California, once famed for its “car culture”, has developed significant corridor operations in both northern and southern California.  Interestingly, with the exception of Amtrak’s Coast Starlight, there is no rail connectivity between the two entities; both are region-centric.

Maine wasn’t on the map in 1971, it now has frequent Amtrak service to Boston.  North Carolina’s “Piedmont” service between Charlotte and Raleigh will add a third round trip in June.  Frequencies on Amtrak’s Cascades and Hiawatha routes are far greater than what was available on April 30, 1971, prior to Amtrak.

Apparently we have been ignoring the obvious, even though the evidence is in plain sight:  conventional long distance rail travel in the U.S. has entered into a long, slow and likely, terminal, decline.  To borrow a previous Amtrak phrase, it seems to be on the glide path to oblivion.

Thus, I assert that there are two very inconvenient truths about Amtrak’s “national” route system mandate:

  • The U.S. has two transportation systems, air and highway, that are ubiquitous geographically, and literally serve virtually every location in the country
  • Amtrak never really was meant to serve even all the populous locations in the country; if it had been, the majority of rail passenger service available on April 30, 1971 should have remained in place.

In reality, if there had been a desire for a really “national” passenger train system in 1971, the goal of those planning what became Amtrak should have been finding the source of funding for continued service on, for example, the Union Pacific from Omaha to Salt Lake City and beyond to Los Angeles and Portland. Were Rock Springs and Green River truly less deserving of access to a national system than Dodge City and La Junta?

While useful in getting Amtrak launched politically, the idea of widespread geographical support resulting from inclusion of long-haul routes may actually been a trap, in terms of meeting Amtrak’s financial needs.  What has resulted is essentially a “subsistence stipend”.  Politicians seem leery of killing the long-haul routes, but the level of support that is being provided is not enough to effectively fund Amtrak’s needs.  

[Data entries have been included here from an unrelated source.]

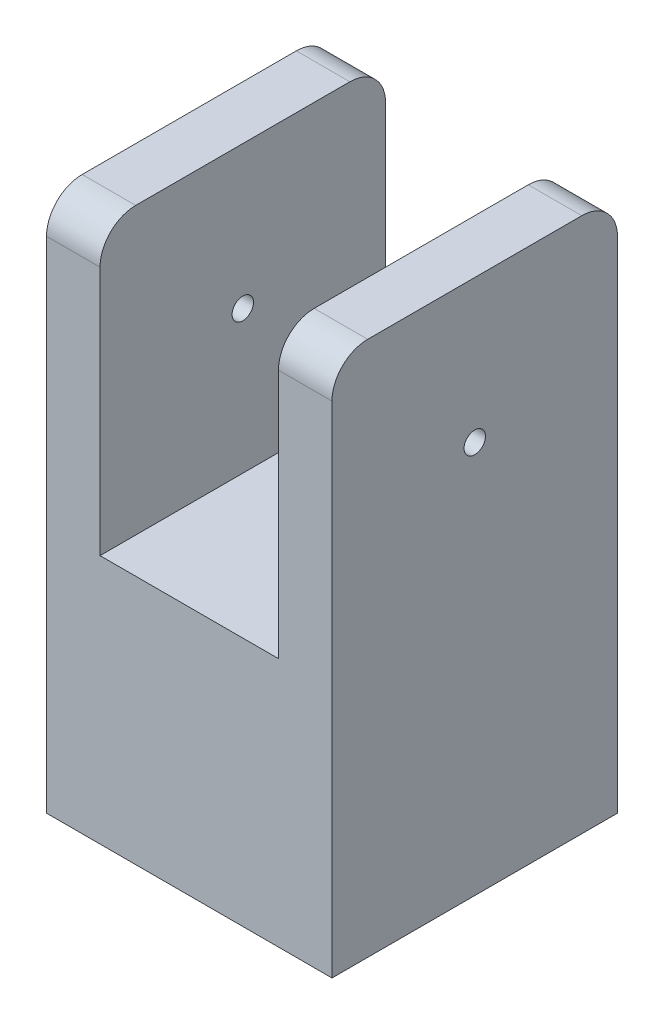
ISO-10303-21;
HEADER;
FILE_DESCRIPTION(('STEP AP214'),'2;1');
FILE_NAME('part.step','',(''),(''),'','','');
FILE_SCHEMA(('AUTOMOTIVE_DESIGN { 1 0 10303 214 1 1 1 1 }'));
ENDSEC;
DATA;
#1=APPLICATION_CONTEXT('core data for automotive mechanical design processes');
#2=APPLICATION_PROTOCOL_DEFINITION('international standard','automotive_design',2000,#1);
#3=PRODUCT_CONTEXT('',#1,'mechanical');
#4=PRODUCT('Part','Part','',(#3));
#5=PRODUCT_RELATED_PRODUCT_CATEGORY('part','',(#4));
#6=PRODUCT_DEFINITION_FORMATION('','',#4);
#7=PRODUCT_DEFINITION_CONTEXT('part definition',#1,'design');
#8=PRODUCT_DEFINITION('design','',#6,#7);
#9=PRODUCT_DEFINITION_SHAPE('','',#8);
#10=(LENGTH_UNIT() NAMED_UNIT(*) SI_UNIT(.MILLI.,.METRE.));
#11=(NAMED_UNIT(*) PLANE_ANGLE_UNIT() SI_UNIT($,.RADIAN.));
#12=(NAMED_UNIT(*) SI_UNIT($,.STERADIAN.) SOLID_ANGLE_UNIT());
#13=UNCERTAINTY_MEASURE_WITH_UNIT(LENGTH_MEASURE(1.E-05),#10,'distance_accuracy_value','');
#14=(GEOMETRIC_REPRESENTATION_CONTEXT(3) GLOBAL_UNCERTAINTY_ASSIGNED_CONTEXT((#13)) GLOBAL_UNIT_ASSIGNED_CONTEXT((#10,
#11,#12)) REPRESENTATION_CONTEXT('',''));
#15=CARTESIAN_POINT('',(0.,0.,0.));
#16=DIRECTION('',(0.,0.,1.));
#17=DIRECTION('',(1.,0.,0.));
#18=AXIS2_PLACEMENT_3D('',#15,#16,#17);
#19=CARTESIAN_POINT('',(0.,150.,0.));
#20=DIRECTION('',(0.,-1.,0.));
#21=DIRECTION('',(0.,0.,-1.));
#22=AXIS2_PLACEMENT_3D('',#19,#20,#21);
#23=PLANE('',#22);
#24=DIRECTION('',(0.,0.,1.));
#25=VECTOR('',#24,1.);
#26=CARTESIAN_POINT('',(-25.,150.,40.));
#27=LINE('',#26,#25);
#28=CARTESIAN_POINT('',(-25.,150.,-30.));
#29=VERTEX_POINT('',#28);
#30=CARTESIAN_POINT('',(-25.,150.,30.));
#31=VERTEX_POINT('',#30);
#32=EDGE_CURVE('E278',#29,#31,#27,.T.);
#33=ORIENTED_EDGE('',*,*,#32,.F.);
#34=DIRECTION('',(-1.,0.,0.));
#35=VECTOR('',#34,1.);
#36=CARTESIAN_POINT('',(0.,150.,-30.));
#37=LINE('',#36,#35);
#38=CARTESIAN_POINT('',(-40.,150.,-30.));
#39=VERTEX_POINT('',#38);
#40=EDGE_CURVE('E223',#29,#39,#37,.T.);
#41=ORIENTED_EDGE('',*,*,#40,.T.);
#42=DIRECTION('',(0.,0.,1.));
#43=VECTOR('',#42,1.);
#44=CARTESIAN_POINT('',(-40.,150.,40.));
#45=LINE('',#44,#43);
#46=CARTESIAN_POINT('',(-40.,150.,30.));
#47=VERTEX_POINT('',#46);
#48=EDGE_CURVE('E186',#39,#47,#45,.T.);
#49=ORIENTED_EDGE('',*,*,#48,.T.);
#50=DIRECTION('',(1.,0.,0.));
#51=VECTOR('',#50,1.);
#52=CARTESIAN_POINT('',(0.,150.,30.));
#53=LINE('',#52,#51);
#54=EDGE_CURVE('E211',#47,#31,#53,.T.);
#55=ORIENTED_EDGE('',*,*,#54,.T.);
#56=EDGE_LOOP('',(#33,#41,#49,#55));
#57=FACE_BOUND('',#56,.T.);
#58=ADVANCED_FACE('F47',(#57),#23,.F.);
#59=CARTESIAN_POINT('',(0.,150.,0.));
#60=DIRECTION('',(0.,-1.,0.));
#61=DIRECTION('',(0.,0.,-1.));
#62=AXIS2_PLACEMENT_3D('',#59,#60,#61);
#63=CYLINDRICAL_SURFACE('',#62,3.);
#64=CARTESIAN_POINT('',(0.,0.,0.));
#65=DIRECTION('',(0.,1.,0.));
#66=DIRECTION('',(0.,0.,1.));
#67=AXIS2_PLACEMENT_3D('',#64,#65,#66);
#68=CIRCLE('',#67,3.);
#69=CARTESIAN_POINT('',(0.,0.,3.));
#70=VERTEX_POINT('',#69);
#71=EDGE_CURVE('E177',#70,#70,#68,.T.);
#72=ORIENTED_EDGE('',*,*,#71,.F.);
#73=EDGE_LOOP('',(#72));
#74=FACE_BOUND('',#73,.T.);
#75=CARTESIAN_POINT('',(0.,70.,0.));
#76=DIRECTION('',(0.,1.,0.));
#77=DIRECTION('',(0.,0.,1.));
#78=AXIS2_PLACEMENT_3D('',#75,#76,#77);
#79=CIRCLE('',#78,3.);
#80=CARTESIAN_POINT('',(0.,70.,3.));
#81=VERTEX_POINT('',#80);
#82=EDGE_CURVE('E181',#81,#81,#79,.T.);
#83=ORIENTED_EDGE('',*,*,#82,.T.);
#84=EDGE_LOOP('',(#83));
#85=FACE_BOUND('',#84,.T.);
#86=ADVANCED_FACE('F315',(#74,#85),#63,.F.);
#87=DIRECTION('',(0.,0.,-1.));
#88=VECTOR('',#87,1.);
#89=CARTESIAN_POINT('',(40.,150.,40.));
#90=LINE('',#89,#88);
#91=CARTESIAN_POINT('',(40.,150.,30.));
#92=VERTEX_POINT('',#91);
#93=CARTESIAN_POINT('',(40.,150.,-30.));
#94=VERTEX_POINT('',#93);
#95=EDGE_CURVE('E182',#92,#94,#90,.T.);
#96=ORIENTED_EDGE('',*,*,#95,.T.);
#97=DIRECTION('',(-1.,0.,0.));
#98=VECTOR('',#97,1.);
#99=CARTESIAN_POINT('',(0.,150.,-30.));
#100=LINE('',#99,#98);
#101=CARTESIAN_POINT('',(25.,150.,-30.));
#102=VERTEX_POINT('',#101);
#103=EDGE_CURVE('E244',#94,#102,#100,.T.);
#104=ORIENTED_EDGE('',*,*,#103,.T.);
#105=DIRECTION('',(0.,0.,-1.));
#106=VECTOR('',#105,1.);
#107=CARTESIAN_POINT('',(25.,150.,40.));
#108=LINE('',#107,#106);
#109=CARTESIAN_POINT('',(25.,150.,30.));
#110=VERTEX_POINT('',#109);
#111=EDGE_CURVE('E268',#110,#102,#108,.T.);
#112=ORIENTED_EDGE('',*,*,#111,.F.);
#113=DIRECTION('',(1.,0.,0.));
#114=VECTOR('',#113,1.);
#115=CARTESIAN_POINT('',(0.,150.,30.));
#116=LINE('',#115,#114);
#117=EDGE_CURVE('E241',#110,#92,#116,.T.);
#118=ORIENTED_EDGE('',*,*,#117,.T.);
#119=EDGE_LOOP('',(#96,#104,#112,#118));
#120=FACE_BOUND('',#119,.T.);
#121=ADVANCED_FACE('F264',(#120),#23,.F.);
#122=CARTESIAN_POINT('',(0.,0.,0.));
#123=DIRECTION('',(0.,-1.,0.));
#124=DIRECTION('',(0.,0.,-1.));
#125=AXIS2_PLACEMENT_3D('',#122,#123,#124);
#126=PLANE('',#125);
#127=DIRECTION('',(0.,0.,-1.));
#128=VECTOR('',#127,1.);
#129=CARTESIAN_POINT('',(40.,0.,40.));
#130=LINE('',#129,#128);
#131=CARTESIAN_POINT('',(40.,0.,40.));
#132=VERTEX_POINT('',#131);
#133=CARTESIAN_POINT('',(40.,0.,-40.));
#134=VERTEX_POINT('',#133);
#135=EDGE_CURVE('E180',#132,#134,#130,.T.);
#136=ORIENTED_EDGE('',*,*,#135,.F.);
#137=DIRECTION('',(1.,0.,0.));
#138=VECTOR('',#137,1.);
#139=CARTESIAN_POINT('',(-40.,0.,40.));
#140=LINE('',#139,#138);
#141=CARTESIAN_POINT('',(-40.,0.,40.));
#142=VERTEX_POINT('',#141);
#143=EDGE_CURVE('E187',#142,#132,#140,.T.);
#144=ORIENTED_EDGE('',*,*,#143,.F.);
#145=DIRECTION('',(0.,0.,1.));
#146=VECTOR('',#145,1.);
#147=CARTESIAN_POINT('',(-40.,0.,40.));
#148=LINE('',#147,#146);
#149=CARTESIAN_POINT('',(-40.,0.,-40.));
#150=VERTEX_POINT('',#149);
#151=EDGE_CURVE('E197',#150,#142,#148,.T.);
#152=ORIENTED_EDGE('',*,*,#151,.F.);
#153=DIRECTION('',(-1.,0.,0.));
#154=VECTOR('',#153,1.);
#155=CARTESIAN_POINT('',(-40.,0.,-40.));
#156=LINE('',#155,#154);
#157=EDGE_CURVE('E194',#134,#150,#156,.T.);
#158=ORIENTED_EDGE('',*,*,#157,.F.);
#159=EDGE_LOOP('',(#136,#144,#152,#158));
#160=FACE_BOUND('',#159,.T.);
#161=ORIENTED_EDGE('',*,*,#71,.T.);
#162=EDGE_LOOP('',(#161));
#163=FACE_BOUND('',#162,.T.);
#164=ADVANCED_FACE('F307',(#160,#163),#126,.T.);
#165=CARTESIAN_POINT('',(40.,150.,40.));
#166=DIRECTION('',(-1.,0.,0.));
#167=DIRECTION('',(0.,0.,1.));
#168=AXIS2_PLACEMENT_3D('',#165,#166,#167);
#169=PLANE('',#168);
#170=CARTESIAN_POINT('',(40.,110.,0.));
#171=DIRECTION('',(-1.,0.,0.));
#172=DIRECTION('',(0.,0.,1.));
#173=AXIS2_PLACEMENT_3D('',#170,#171,#172);
#174=CIRCLE('',#173,3.);
#175=CARTESIAN_POINT('',(40.,110.,3.));
#176=VERTEX_POINT('',#175);
#177=EDGE_CURVE('E281',#176,#176,#174,.T.);
#178=ORIENTED_EDGE('',*,*,#177,.T.);
#179=EDGE_LOOP('',(#178));
#180=FACE_BOUND('',#179,.T.);
#181=DIRECTION('',(0.,-1.,0.));
#182=VECTOR('',#181,1.);
#183=CARTESIAN_POINT('',(40.,150.,-40.));
#184=LINE('',#183,#182);
#185=CARTESIAN_POINT('',(40.,140.,-40.));
#186=VERTEX_POINT('',#185);
#187=EDGE_CURVE('E208',#186,#134,#184,.T.);
#188=ORIENTED_EDGE('',*,*,#187,.F.);
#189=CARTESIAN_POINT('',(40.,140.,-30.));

On the other hand, as demonstrated by growth in corridor-type services, where there is a real need for intercity rail passenger service, and constituents receive benefits that can be claimed politically, money can be found. 

This suggests strongly that Amtrak should continue to expand its corridor operations, including working with political coalitions to secure funding for them on a project-specific basis.  Even when they are not geographically contiguous, there should be economies of scale in procurement, and probably other areas such as training and maintenance, for example.  The recent acquisition of Siemens Charger diesel locomotives for use in multiple state-sponsored services provides an example.

Finally, what should be done about the remaining long-haul services?  It seems unlikely that the current equipment can be replaced when it is obsolete.  Current trains should be evaluated carefully, on a system basis, with those that don’t make the cut eliminated.

In this process, it would be useful to consider non-traditional solutions, including reduced frequency; VIA Rail operates the Canadian twice or three times weekly.  Another possibility is having Amtrak operate long-haul trains, with on-board service contracted out.

Passenger rail, including Amtrak, can continue to contribute to America’s mobility needs.  Done properly, an Amtrak considerably larger than today’s version could evolve; its route system probably won’t be contiguous.  Forcing Amtrak to conform to political needs of fifty years ago is not going to produce a viable future.